Records shown below:

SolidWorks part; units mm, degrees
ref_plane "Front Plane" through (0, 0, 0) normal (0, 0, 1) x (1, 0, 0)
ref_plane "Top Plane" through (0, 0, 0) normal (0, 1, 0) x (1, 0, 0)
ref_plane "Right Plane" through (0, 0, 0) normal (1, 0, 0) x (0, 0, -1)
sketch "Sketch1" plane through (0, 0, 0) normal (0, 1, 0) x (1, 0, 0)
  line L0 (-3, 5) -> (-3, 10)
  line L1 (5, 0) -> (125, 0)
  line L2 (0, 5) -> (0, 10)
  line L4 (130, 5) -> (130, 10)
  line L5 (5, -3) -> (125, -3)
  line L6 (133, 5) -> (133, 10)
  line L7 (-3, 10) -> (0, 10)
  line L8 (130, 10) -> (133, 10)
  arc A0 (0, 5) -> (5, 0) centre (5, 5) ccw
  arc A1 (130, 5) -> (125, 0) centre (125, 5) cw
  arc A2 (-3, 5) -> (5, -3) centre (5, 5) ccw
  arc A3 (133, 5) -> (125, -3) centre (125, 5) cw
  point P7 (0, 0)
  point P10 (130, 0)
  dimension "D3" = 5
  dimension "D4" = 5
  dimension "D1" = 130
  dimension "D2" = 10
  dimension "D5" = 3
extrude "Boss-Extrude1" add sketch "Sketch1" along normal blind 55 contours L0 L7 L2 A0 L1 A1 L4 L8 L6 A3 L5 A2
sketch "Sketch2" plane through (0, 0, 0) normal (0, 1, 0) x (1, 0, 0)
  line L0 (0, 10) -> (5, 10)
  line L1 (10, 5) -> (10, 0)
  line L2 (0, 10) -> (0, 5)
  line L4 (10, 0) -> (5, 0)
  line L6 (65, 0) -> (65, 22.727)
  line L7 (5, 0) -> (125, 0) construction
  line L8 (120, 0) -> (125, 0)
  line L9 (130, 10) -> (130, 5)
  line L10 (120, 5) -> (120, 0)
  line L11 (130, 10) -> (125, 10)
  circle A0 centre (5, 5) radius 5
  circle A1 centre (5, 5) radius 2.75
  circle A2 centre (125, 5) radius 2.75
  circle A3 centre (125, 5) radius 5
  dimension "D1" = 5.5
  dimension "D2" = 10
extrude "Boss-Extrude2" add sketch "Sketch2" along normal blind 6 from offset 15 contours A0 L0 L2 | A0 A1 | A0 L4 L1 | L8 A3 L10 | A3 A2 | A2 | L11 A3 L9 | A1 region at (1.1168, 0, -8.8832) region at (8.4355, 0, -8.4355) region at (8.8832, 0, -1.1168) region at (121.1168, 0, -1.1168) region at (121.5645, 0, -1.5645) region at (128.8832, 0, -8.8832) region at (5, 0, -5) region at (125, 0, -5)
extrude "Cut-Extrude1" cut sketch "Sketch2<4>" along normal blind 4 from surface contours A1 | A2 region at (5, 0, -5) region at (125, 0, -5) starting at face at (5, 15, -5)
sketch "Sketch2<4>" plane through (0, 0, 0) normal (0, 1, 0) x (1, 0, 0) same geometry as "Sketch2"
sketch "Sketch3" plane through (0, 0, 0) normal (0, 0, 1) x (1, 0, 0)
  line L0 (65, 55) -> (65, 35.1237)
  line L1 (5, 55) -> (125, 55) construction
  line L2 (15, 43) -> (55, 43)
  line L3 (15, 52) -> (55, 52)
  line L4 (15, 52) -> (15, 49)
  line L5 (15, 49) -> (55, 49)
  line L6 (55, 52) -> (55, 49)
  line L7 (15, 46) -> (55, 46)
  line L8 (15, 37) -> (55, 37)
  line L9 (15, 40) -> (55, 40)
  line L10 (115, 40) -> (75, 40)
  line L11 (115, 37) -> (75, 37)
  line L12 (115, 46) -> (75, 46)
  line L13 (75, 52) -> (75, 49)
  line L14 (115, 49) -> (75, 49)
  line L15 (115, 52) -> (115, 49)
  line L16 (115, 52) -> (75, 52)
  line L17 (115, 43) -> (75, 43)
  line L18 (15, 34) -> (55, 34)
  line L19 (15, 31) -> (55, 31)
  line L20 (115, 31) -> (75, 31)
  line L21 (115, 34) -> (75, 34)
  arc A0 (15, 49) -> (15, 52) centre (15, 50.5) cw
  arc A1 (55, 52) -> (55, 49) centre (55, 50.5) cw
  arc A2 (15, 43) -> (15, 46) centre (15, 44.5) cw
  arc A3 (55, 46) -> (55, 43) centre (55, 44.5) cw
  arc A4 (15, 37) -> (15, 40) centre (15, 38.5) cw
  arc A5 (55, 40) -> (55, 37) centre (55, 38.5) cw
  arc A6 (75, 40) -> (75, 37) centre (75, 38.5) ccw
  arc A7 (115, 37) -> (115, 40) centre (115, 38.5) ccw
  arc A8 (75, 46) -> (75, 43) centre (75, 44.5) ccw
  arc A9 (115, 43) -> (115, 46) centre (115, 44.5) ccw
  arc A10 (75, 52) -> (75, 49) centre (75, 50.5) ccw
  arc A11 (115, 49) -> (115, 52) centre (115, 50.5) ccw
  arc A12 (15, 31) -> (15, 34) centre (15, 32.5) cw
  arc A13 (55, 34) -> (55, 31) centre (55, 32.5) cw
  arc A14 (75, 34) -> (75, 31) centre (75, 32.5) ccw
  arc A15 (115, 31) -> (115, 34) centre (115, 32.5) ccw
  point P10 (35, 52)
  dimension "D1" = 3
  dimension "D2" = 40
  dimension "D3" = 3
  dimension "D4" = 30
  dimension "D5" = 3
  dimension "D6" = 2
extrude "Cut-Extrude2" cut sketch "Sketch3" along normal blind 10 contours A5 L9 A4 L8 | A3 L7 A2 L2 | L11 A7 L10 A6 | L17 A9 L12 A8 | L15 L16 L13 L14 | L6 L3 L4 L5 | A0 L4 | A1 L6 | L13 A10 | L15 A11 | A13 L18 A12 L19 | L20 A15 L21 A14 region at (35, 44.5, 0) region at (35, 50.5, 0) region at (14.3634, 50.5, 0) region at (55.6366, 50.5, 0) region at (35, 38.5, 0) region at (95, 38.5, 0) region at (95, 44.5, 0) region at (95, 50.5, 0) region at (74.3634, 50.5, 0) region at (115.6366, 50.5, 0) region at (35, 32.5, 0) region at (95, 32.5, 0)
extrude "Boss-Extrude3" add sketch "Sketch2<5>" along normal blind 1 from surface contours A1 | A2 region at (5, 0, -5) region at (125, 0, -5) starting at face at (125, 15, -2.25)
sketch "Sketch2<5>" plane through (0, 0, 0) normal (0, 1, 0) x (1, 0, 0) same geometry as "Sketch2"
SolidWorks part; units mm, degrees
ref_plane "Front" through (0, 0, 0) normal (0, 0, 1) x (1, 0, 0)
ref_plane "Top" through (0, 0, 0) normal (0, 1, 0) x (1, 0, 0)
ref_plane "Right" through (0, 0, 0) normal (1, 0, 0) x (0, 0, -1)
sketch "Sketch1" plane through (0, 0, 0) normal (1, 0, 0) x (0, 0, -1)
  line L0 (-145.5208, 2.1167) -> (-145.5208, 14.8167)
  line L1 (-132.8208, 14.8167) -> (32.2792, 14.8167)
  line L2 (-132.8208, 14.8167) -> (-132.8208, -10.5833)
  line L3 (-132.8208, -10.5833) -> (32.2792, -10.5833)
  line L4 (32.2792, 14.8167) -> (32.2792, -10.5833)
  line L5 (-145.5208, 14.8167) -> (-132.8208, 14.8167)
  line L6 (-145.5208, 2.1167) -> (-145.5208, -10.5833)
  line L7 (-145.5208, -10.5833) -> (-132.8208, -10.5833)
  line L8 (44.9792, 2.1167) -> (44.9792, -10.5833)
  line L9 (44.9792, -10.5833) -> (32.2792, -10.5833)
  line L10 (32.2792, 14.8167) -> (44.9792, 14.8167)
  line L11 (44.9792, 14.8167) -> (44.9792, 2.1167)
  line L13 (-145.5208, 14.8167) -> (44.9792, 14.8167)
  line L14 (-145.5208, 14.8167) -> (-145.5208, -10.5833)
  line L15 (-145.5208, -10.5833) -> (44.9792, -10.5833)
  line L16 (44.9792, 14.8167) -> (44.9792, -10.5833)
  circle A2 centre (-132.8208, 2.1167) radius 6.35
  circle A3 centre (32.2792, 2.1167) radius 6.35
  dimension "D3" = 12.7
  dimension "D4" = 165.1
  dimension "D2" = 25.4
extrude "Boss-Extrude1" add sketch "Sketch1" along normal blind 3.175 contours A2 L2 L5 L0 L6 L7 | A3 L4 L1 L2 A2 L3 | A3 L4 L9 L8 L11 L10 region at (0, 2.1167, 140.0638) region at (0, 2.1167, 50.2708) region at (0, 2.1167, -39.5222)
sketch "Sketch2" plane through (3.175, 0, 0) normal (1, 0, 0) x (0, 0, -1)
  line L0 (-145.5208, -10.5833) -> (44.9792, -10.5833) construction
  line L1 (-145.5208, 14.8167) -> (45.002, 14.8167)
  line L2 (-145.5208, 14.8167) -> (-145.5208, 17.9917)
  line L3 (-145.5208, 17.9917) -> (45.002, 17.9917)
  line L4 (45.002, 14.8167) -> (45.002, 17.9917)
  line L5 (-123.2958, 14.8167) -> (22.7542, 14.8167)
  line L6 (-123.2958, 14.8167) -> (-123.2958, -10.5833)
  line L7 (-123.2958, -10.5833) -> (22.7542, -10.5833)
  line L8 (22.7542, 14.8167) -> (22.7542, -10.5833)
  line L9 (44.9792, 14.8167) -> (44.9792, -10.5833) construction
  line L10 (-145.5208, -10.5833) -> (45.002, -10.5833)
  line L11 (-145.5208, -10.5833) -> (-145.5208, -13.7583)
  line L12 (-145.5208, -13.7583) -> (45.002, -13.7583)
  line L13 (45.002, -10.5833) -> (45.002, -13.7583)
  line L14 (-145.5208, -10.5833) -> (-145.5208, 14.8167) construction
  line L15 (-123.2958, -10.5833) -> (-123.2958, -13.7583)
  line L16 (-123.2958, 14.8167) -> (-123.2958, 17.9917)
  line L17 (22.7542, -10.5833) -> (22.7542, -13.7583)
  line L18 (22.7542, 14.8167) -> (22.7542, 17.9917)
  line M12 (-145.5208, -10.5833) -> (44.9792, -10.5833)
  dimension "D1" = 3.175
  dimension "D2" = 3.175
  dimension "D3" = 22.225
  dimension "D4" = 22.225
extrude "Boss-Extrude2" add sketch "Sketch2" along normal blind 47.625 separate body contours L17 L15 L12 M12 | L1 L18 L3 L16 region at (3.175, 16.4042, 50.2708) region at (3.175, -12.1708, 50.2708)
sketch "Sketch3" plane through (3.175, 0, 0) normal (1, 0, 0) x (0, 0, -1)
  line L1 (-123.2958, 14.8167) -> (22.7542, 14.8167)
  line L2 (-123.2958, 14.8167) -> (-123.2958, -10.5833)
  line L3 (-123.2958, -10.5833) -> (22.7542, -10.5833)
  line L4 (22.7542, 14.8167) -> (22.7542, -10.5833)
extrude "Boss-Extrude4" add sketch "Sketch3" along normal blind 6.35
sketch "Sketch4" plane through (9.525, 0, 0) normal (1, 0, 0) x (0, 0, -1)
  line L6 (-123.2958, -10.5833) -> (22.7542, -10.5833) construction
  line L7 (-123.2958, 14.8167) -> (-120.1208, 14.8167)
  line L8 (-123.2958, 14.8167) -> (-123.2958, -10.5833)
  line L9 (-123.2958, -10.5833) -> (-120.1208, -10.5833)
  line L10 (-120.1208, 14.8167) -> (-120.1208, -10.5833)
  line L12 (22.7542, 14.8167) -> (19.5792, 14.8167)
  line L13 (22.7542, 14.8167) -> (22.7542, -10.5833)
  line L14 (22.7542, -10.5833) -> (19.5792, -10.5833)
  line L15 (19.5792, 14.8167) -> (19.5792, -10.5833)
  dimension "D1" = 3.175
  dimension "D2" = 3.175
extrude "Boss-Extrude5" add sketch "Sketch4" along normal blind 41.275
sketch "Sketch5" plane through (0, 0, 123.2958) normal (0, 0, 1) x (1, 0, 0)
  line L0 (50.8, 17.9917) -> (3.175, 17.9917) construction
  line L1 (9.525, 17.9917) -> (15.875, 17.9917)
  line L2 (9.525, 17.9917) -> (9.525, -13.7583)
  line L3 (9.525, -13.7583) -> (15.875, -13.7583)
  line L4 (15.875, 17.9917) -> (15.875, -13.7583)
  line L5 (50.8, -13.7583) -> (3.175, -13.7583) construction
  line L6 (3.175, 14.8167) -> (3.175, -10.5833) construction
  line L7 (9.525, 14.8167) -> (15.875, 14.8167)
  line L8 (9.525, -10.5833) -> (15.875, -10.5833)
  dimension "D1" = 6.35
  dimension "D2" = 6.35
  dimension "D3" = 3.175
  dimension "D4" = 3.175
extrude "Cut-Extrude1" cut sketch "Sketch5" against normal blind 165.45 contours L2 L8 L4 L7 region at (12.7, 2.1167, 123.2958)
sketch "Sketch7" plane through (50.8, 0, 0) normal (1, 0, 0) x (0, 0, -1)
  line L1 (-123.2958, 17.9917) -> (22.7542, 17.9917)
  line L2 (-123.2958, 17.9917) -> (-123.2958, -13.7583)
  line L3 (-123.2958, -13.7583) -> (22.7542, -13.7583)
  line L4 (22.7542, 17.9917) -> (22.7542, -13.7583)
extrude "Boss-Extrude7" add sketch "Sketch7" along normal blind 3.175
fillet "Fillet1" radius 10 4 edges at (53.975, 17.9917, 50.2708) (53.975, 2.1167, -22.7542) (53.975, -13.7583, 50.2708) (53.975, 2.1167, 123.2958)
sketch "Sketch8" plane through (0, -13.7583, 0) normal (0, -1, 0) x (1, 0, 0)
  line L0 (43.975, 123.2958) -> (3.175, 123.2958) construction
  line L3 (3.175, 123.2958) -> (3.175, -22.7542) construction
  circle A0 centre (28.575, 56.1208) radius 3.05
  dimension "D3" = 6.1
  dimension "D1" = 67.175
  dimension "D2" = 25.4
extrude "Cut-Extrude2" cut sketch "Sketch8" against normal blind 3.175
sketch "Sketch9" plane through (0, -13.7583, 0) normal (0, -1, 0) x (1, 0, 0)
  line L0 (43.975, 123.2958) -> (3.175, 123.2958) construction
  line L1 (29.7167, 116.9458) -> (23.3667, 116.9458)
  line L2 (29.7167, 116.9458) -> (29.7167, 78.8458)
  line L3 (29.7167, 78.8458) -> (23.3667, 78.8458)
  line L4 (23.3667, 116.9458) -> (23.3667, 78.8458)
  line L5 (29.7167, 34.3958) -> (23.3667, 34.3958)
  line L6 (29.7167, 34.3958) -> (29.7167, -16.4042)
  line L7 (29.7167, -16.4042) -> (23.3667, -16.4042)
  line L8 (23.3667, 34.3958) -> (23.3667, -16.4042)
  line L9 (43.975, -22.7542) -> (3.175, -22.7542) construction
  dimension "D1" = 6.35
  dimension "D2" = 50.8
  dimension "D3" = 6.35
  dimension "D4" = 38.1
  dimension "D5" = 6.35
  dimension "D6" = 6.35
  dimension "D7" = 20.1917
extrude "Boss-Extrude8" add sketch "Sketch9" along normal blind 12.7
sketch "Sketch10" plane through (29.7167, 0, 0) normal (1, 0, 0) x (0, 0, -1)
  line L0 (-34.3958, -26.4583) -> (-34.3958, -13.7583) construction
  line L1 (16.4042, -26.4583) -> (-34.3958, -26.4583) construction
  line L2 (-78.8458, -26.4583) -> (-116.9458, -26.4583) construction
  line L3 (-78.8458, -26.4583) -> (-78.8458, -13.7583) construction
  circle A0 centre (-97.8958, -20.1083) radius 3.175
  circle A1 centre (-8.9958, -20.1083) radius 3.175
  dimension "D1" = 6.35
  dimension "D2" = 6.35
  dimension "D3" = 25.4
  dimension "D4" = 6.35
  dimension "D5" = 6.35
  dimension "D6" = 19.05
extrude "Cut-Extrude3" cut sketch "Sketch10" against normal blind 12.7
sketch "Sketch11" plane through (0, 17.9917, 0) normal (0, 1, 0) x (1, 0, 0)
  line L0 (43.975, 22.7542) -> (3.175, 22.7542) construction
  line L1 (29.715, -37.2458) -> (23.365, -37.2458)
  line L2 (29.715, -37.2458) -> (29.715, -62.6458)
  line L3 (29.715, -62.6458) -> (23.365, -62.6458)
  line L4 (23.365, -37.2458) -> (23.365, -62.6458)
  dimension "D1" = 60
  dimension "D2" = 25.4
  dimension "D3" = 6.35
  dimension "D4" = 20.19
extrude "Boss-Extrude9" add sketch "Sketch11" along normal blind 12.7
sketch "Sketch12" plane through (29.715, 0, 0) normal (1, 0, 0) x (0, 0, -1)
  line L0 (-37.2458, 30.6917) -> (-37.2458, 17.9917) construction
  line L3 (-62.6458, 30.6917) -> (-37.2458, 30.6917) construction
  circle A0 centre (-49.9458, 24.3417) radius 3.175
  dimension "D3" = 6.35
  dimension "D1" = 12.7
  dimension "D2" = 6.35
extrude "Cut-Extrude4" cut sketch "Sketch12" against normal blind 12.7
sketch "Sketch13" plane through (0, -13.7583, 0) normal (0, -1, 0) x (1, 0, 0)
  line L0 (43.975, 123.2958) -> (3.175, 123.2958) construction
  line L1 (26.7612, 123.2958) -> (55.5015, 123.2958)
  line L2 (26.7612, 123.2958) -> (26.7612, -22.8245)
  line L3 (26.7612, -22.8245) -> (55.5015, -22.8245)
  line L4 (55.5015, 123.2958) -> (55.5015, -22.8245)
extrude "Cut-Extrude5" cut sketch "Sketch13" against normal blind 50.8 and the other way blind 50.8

End of Records shown.

Your assignment -
Quote, word for word, every line from the top of the entries through the line that holds "line L8 (120, 0) -> (125, 0)".

Exercise response -
SolidWorks part; units mm, degrees
ref_plane "Front Plane" through (0, 0, 0) normal (0, 0, 1) x (1, 0, 0)
ref_plane "Top Plane" through (0, 0, 0) normal (0, 1, 0) x (1, 0, 0)
ref_plane "Right Plane" through (0, 0, 0) normal (1, 0, 0) x (0, 0, -1)
sketch "Sketch1" plane through (0, 0, 0) normal (0, 1, 0) x (1, 0, 0)
  line L0 (-3, 5) -> (-3, 10)
  line L1 (5, 0) -> (125, 0)
  line L2 (0, 5) -> (0, 10)
  line L4 (130, 5) -> (130, 10)
  line L5 (5, -3) -> (125, -3)
  line L6 (133, 5) -> (133, 10)
  line L7 (-3, 10) -> (0, 10)
  line L8 (130, 10) -> (133, 10)
  arc A0 (0, 5) -> (5, 0) centre (5, 5) ccw
  arc A1 (130, 5) -> (125, 0) centre (125, 5) cw
  arc A2 (-3, 5) -> (5, -3) centre (5, 5) ccw
  arc A3 (133, 5) -> (125, -3) centre (125, 5) cw
  point P7 (0, 0)
  point P10 (130, 0)
  dimension "D3" = 5
  dimension "D4" = 5
  dimension "D1" = 130
  dimension "D2" = 10
  dimension "D5" = 3
extrude "Boss-Extrude1" add sketch "Sketch1" along normal blind 55 contours L0 L7 L2 A0 L1 A1 L4 L8 L6 A3 L5 A2
sketch "Sketch2" plane through (0, 0, 0) normal (0, 1, 0) x (1, 0, 0)
  line L0 (0, 10) -> (5, 10)
  line L1 (10, 5) -> (10, 0)
  line L2 (0, 10) -> (0, 5)
  line L4 (10, 0) -> (5, 0)
  line L6 (65, 0) -> (65, 22.727)
  line L7 (5, 0) -> (125, 0) construction
  line L8 (120, 0) -> (125, 0)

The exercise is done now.